Breast cancer is a difficult foe on its own, but patients often face an additional problem – degradation of their bones.
More than 70 percent of patients with metastatic breast cancer also have bone metastasis, which results in pain, fractures, nerve compression and other symptoms. Certain drugs can help stabilize patients’ bones, but only about half the time.
For Stephenson Cancer Center researcher Kelsi Andrade, PhD, that simply wasn’t acceptable. Andrade and her collaborators recently published a paper in the journal Science Translational Medicine that shows her significant headway toward making a difference in the lives of breast cancer patients.
“Breast cancer tends to spread to the bones first, and it literally results in holes in the skeleton,” she said. “Even for patients who are responding well to their cancer therapies, the bone destruction still causes ongoing problems.”
Andrade’s journal article details her research into the interaction between cancer cells and bone cells. Her laboratory was studying a specific signaling pathway called RON when she discovered that tumor cells express a ligand called MSP, or macrophage-stimulating protein. MSP is elevated in about 40 percent of breast cancer patients and leads to bone destruction. However, when she developed a research model targeting the tyrosine kinase receptor, which is essential to the RON pathway, bone destruction was almost completely blocked from occurring.
“The ligand being expressed by the tumor cells was interacting with the bone cells that expressed the receptor for that pathway,” she said. “That led to the tumor cells being very overactive. Normally, the body tries to balance bone destruction with bone building to maintain a healthy skeleton, but in this case the tumor cells were activated to levels where they started to destroy the bone. So it was very exciting to see that inhibiting the receptor blocked almost all bone destruction.”
Andrade then worked with a pharmaceutical company that develops RON inhibitors, and their work again showed in research models that bone destruction could be blocked to a significant degree.
The next step was testing the inhibitors in human cancer patients. Andrade partnered with a pharmaceutical company conducting a Phase 1 clinical trial, first testing patients’ blood samples to see if they had bone degradation. As expected, women in the trial had a higher level of bone degradation, even though they had cancers of various kinds. When the RON inhibitor was tested, the results were encouraging: 72 percent of women who had been treated for cancer for about a month saw a reduction in the markers that indicate bone destruction.

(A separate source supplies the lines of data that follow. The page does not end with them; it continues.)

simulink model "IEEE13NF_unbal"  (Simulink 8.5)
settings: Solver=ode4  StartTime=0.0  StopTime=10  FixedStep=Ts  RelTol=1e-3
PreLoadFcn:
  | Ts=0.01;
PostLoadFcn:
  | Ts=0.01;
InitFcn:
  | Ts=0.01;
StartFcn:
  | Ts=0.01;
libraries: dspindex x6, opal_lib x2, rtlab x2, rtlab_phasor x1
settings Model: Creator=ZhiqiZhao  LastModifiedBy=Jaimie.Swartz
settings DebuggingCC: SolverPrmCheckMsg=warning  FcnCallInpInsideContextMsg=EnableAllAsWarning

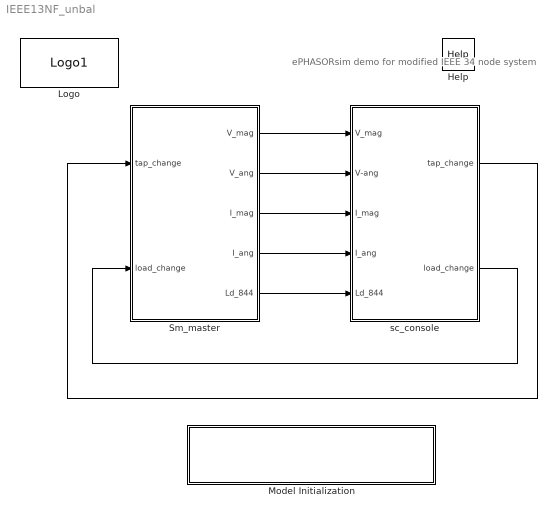
== system IEEE13NF_unbal ==
  note: ePHASORsim demo for
      | modified IEEE 34 node system
  Help : opal_lib/Help  docfile=../help/ePH_IEEE34.html
  Logo : opal_lib/Logo1  vide=[]
  Model Initialization : Subsystem  mask(Model Functions){InitFcnX=Ts=0.01;, prel=on, posl=on, inif=on, strf=on}
      mask prompts: InitFcnX "Initialisation"; prel "Preload Function"; posl "PostLoad Function"; inif "InitFcn"; strf "StartFcn"
      mask init:
      | currentBlock = gcb;
      | root = bdroot(currentBlock);
      | 
      | if ~strcmp(get_param(root,'BlockDiagramType'),'library')
      |     if prel==1
      |         set_param(root, 'PreLoadFcn', InitFcnX);
      |     else
      |         set_param(root, 'PreLoadFcn', '');
      |     end
      |     if inif==1
      |         set_param(root, 'InitFcn', InitFcnX);
      |     else
      |         set_param(root, 'InitFcn', '');
      |     end
      |     if strf==1
      |         set_param(root, 'StartFcn', InitFcnX);
      |     else
      |         set_param(root, 'StartFcn', '');
      |     end
      |     if posl==1
      |         set_param(root, 'PostLoadFcn', InitFcnX);
      |     else
      |         set_param(root, 'PostLoadFcn', '');
      |     end
      | end
      | 
      | pos = get_param(currentBlock, 'Position');
      | width = pos(3) - pos(1); height = pos(4) - pos(2);
      | txt = [ upper(root) '\n' '- InitFcn. . . . . '  get_param(root, 'InitFcn') ];
      settings: CopyFcn=set_param(gcb,'LinkStatus','none')
      mask Display: text(5, height*0.5, txt, 'horizontalAlignment', 'left', 'verticalAlignment', 'middle') ;
  Sm_master : Subsystem
  sc_console : Subsystem
  wires:
  Sm_master/1(V_mag) -> sc_console/1(V_mag)
  Sm_master/2(V_ang) -> sc_console/2(V-ang)
  Sm_master/5(Ld_844) -> sc_console/5(Ld_844)
  sc_console/1(tap_change) -> Sm_master/1(tap_change)
  sc_console/2(load_change) -> Sm_master/2(load_change)
  Sm_master/3(I_mag) -> sc_console/3(I_mag)
  Sm_master/4(I_ang) -> sc_console/4(I_ang)

== system IEEE13NF_unbal/Model Initialization ==

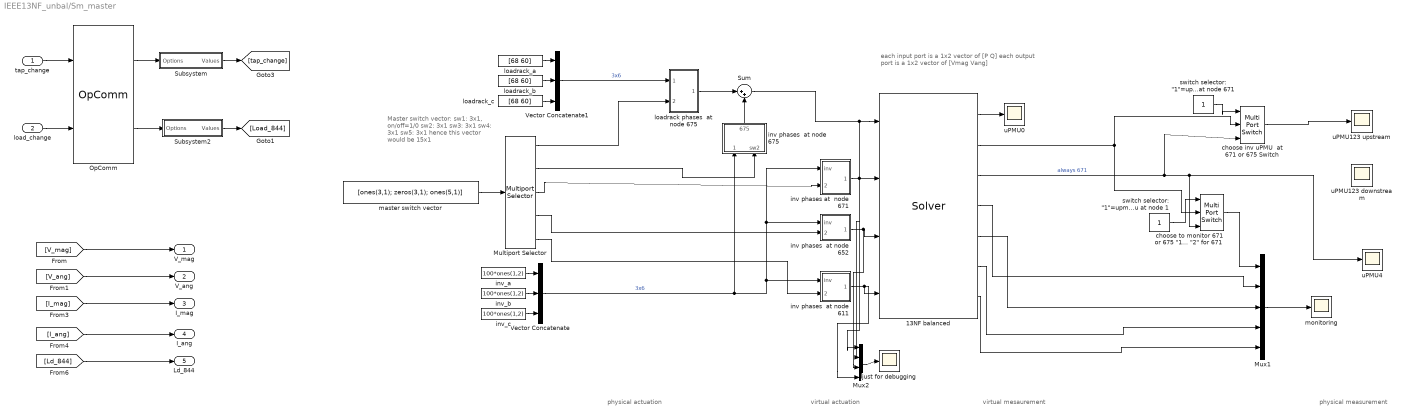
== system IEEE13NF_unbal/Sm_master ==
  note: Master switch vector:
      | sw1: 3x1, on/off=1/0
      | sw2: 3x1
      | sw3: 3x1
      | sw4: 3x1
      | sw5: 3x1
      | hence this vector would be 15x1
  note: virtual actuation
  note: virtual mesaurement
  note: physical measurement
  note: physical actuation
  note: each input port is a 1x2 vector of [P Q]
      | each output port is a 1x2 vector of [Vmag Vang]
  tap_change : Inport
  load_change : Inport  Port=2
  13NF balanced : rtlab_phasor/Solver  epname=System  extension=Excel  xls='IEEE13NF_unbal.xls'  raw='4992b.raw'  dyr='4992b.dyr'  cyme='ieee13.sxst'  powerfactory='network.dgs'  builtin=on  cyme_pf=''  cyme_unbalanced=on  lazy_netlist=on  capidir='CAPI'  fmudir='FMU'  capiprefix=capicomp_  fmuprefix=fmucomp_  logging=off  sim_mode=Dynamic simulation only (without power-flow)  pf_max_it=100  pf_tol_v=0.00000001  pf_flat_start=off  pf_smart_start=off  pf_export=on  np=1  exporty=off  dt=Ts  optim_threads=off  perflog_on=off  script_activate_postinit=off  script_postinit_name='python_integration_13NFunbal.py'
  Multiport Selector : dspindex/Multiport Selector  rowsOrCols=Rows  idxCellArray={ [1:3], [4:6], [7:9], 10,11 }  idxErrMode=Clip Index
  Mux1 : Mux  Inputs=5
  Mux2 : Mux
  OpComm : rtlab/OpComm  nbport=2  groupe_acq=1  subsys_rate=0  st=0  Synchronization=on  Interpolation=on  Threshold=1.0  Missed_Data=off  Sim_Time=off  Samples=off  dynSigOut=off  from_console=1  warning_done=off  writeOpCommFile=off  Offset=off
  Subsystem : Subsystem
  Subsystem2 : Subsystem
  Sum : Sum  Inputs=|++
  Vector Concatenate : Concatenate  NumInputs=3  Mode=Multidimensional array  ConcatenateDimension=2
  Vector Concatenate1 : Concatenate  NumInputs=3  Mode=Multidimensional array  ConcatenateDimension=2
  choose inv uPMU  at 671 or 675 Switch : MultiPortSwitch  Inputs=2
  "choose to monitor 671 or 675 \"1\" for 675 \"2\" for 671" : MultiPortSwitch  Inputs=2
  inv phases  at node 675 : Subsystem
  inv phases  at node 611 : Subsystem
  inv phases  at node 652 : Subsystem
  inv phases at  node 671 : Subsystem
  inv_a : Constant  Value=100*ones(1,2)
  inv_b : Constant  Value=100*ones(1,2)
  inv_c : Constant  Value=100*ones(1,2)
  just for debugging : Scope
      settings: SaveName=ScopeData30
  loadrack phases  at node 675 : Subsystem
  loadrack_a : Constant  Value=[68 60]
  loadrack_b : Constant  Value=[68 60]
  loadrack_c : Constant  Value=[68 60]
  master switch vector : Constant  Value=[ones(3,1); zeros(3,1); ones(5,1)]
  monitoring : Scope
      settings: SaveName=ScopeData31
  "switch selector: \"1\"=upmu at node 675 \"2\"=upmu at node 1" : Constant
  "switch selector: \"1\"=upmu at node 675 \"2\"=upmu at node 671" : Constant
  uPMU0 : Scope
  uPMU123 downstream : Scope
      settings: SaveName=ScopeData32
  uPMU123 upstream : Scope
      settings: SaveName=ScopeData33
  uPMU4 : Scope
      settings: SaveName=ScopeData34
  V_mag : Outport
  V_ang : Outport  Port=2
  I_mag : Outport  Port=3
  I_ang : Outport  Port=4
  Ld_844 : Outport  Port=5
  wires:
  tap_change/1 -> OpComm/1
  load_change/1 -> OpComm/2
  [V_mag] -> V_mag/1
  [V_ang] -> V_ang/1
  [I_ang] -> I_ang/1
  [I_mag] -> I_mag/1
  [Ld_844] -> Ld_844/1
  OpComm/1 -> Subsystem/1(Options)
  OpComm/2 -> Subsystem2/1(Options)
  Subsystem/1(Values) -> [tap_change]
  Subsystem2/1(Values) -> [Load_844]
  loadrack_a/1 -> Vector Concatenate1/1
  loadrack_b/1 -> Vector Concatenate1/2
  loadrack_c/1 -> Vector Concatenate1/3
  Vector Concatenate1/1 -> loadrack phases  at node 675/1(loadrack)  "3x6"
  inv_a/1 -> Vector Concatenate/1
  inv_b/1 -> Vector Concatenate/2
  inv_c/1 -> Vector Concatenate/3
  Sum/1 -> Mux2/1, 13NF balanced/1
  Vector Concatenate/1 -> inv phases  at node 675/1(loadrack), inv phases  at node 611/1(inv), inv phases at  node 671/1(inv), inv phases  at node 652/1(inv)  "3x6"
  inv phases at  node 671/1(671) -> Mux2/2, 13NF balanced/2
  inv phases  at node 652/1(652) -> 13NF balanced/3, Mux2/3
  inv phases  at node 611/1(611) -> 13NF balanced/4, Mux2/4
  13NF balanced/7 -> Mux1/5
  13NF balanced/5 -> Mux1/3
  13NF balanced/4 -> Mux1/2
  "switch selector: \"1\"=upmu at node 675 \"2\"=upmu at node 671"/1 -> choose inv uPMU  at 671 or 675 Switch/1
  13NF balanced/1 -> uPMU0/1
  choose inv uPMU  at 671 or 675 Switch/1 -> uPMU123 upstream/1
  13NF balanced/3 -> choose inv uPMU  at 671 or 675 Switch/3, "choose to monitor 671 or 675 \"1\" for 675 \"2\" for 671"/3, uPMU4/1  "always 671"
  "choose to monitor 671 or 675 \"1\" for 675 \"2\" for 671"/1 -> Mux1/1
  13NF balanced/6 -> Mux1/4
  Mux1/1 -> monitoring/1
  ? -> uPMU123 downstream/1
  loadrack phases  at node 675/1(675) -> Sum/1
  inv phases  at node 675/1(675) -> Sum/2
  master switch vector/1 -> Multiport Selector/1
  Multiport Selector/1 -> loadrack phases  at node 675/2(sw1)
  Multiport Selector/2 -> inv phases  at node 675/2(sw2)
  Multiport Selector/3 -> inv phases at  node 671/2(sw3)
  Multiport Selector/4 -> inv phases  at node 652/2(sw4)
  Multiport Selector/5 -> inv phases  at node 611/2(sw5)
  Mux2/1 -> just for debugging/1
  "switch selector: \"1\"=upmu at node 675 \"2\"=upmu at node 1"/1 -> "choose to monitor 671 or 675 \"1\" for 675 \"2\" for 671"/1
  13NF balanced/2 -> "choose to monitor 671 or 675 \"1\" for 675 \"2\" for 671"/2, choose inv uPMU  at 671 or 675 Switch/2

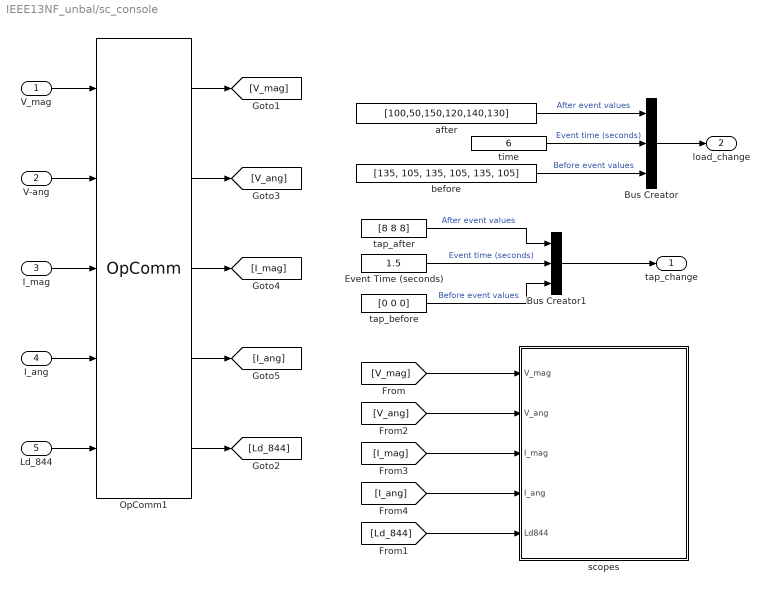
== system IEEE13NF_unbal/sc_console ==
  V_mag : Inport
  V-ang : Inport  Port=2
  I_mag : Inport  Port=3
  I_ang : Inport  Port=4
  Ld_844 : Inport  Port=5
  Bus Creator : BusCreator  Inputs=3
  Bus Creator1 : BusCreator  Inputs=3
  Event Time (seconds) : Constant  Value=1.5
  OpComm1 : rtlab/OpComm  nbport=5  groupe_acq=1  subsys_rate=0  st=0  Synchronization=on  Interpolation=on  Threshold=1.0  Missed_Data=off  Sim_Time=off  Samples=off  dynSigOut=off  from_console=0  warning_done=off  writeOpCommFile=off  Offset=off
  after : Constant  Value=[100,50,150,120,140,130]
  before : Constant  Value=[135, 105, 135, 105, 135, 105]
  scopes : Subsystem
  tap_after : Constant  Value=[8 8 8]
  tap_before : Constant  Value=[0 0 0]
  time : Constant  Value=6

The next step is to test the inhibitors in a more specific trial of breast cancer patients.
“This is a less-studied area, which makes it more difficult to push things into the clinical arena,” Andrade said. “But our recent results were very encouraging, and we’re excited to see where it goes from here.”
As a researcher with the Stephenson Cancer Center, Andrade also interacts with her colleagues who are physicians, collaborating with them to design research investigations that address the specific needs of patients.
“Clinical input is very helpful,” she said. “Those interactions help me refocus my questions or my approach to a study in ways that push it toward making a difference in patients’ lives.”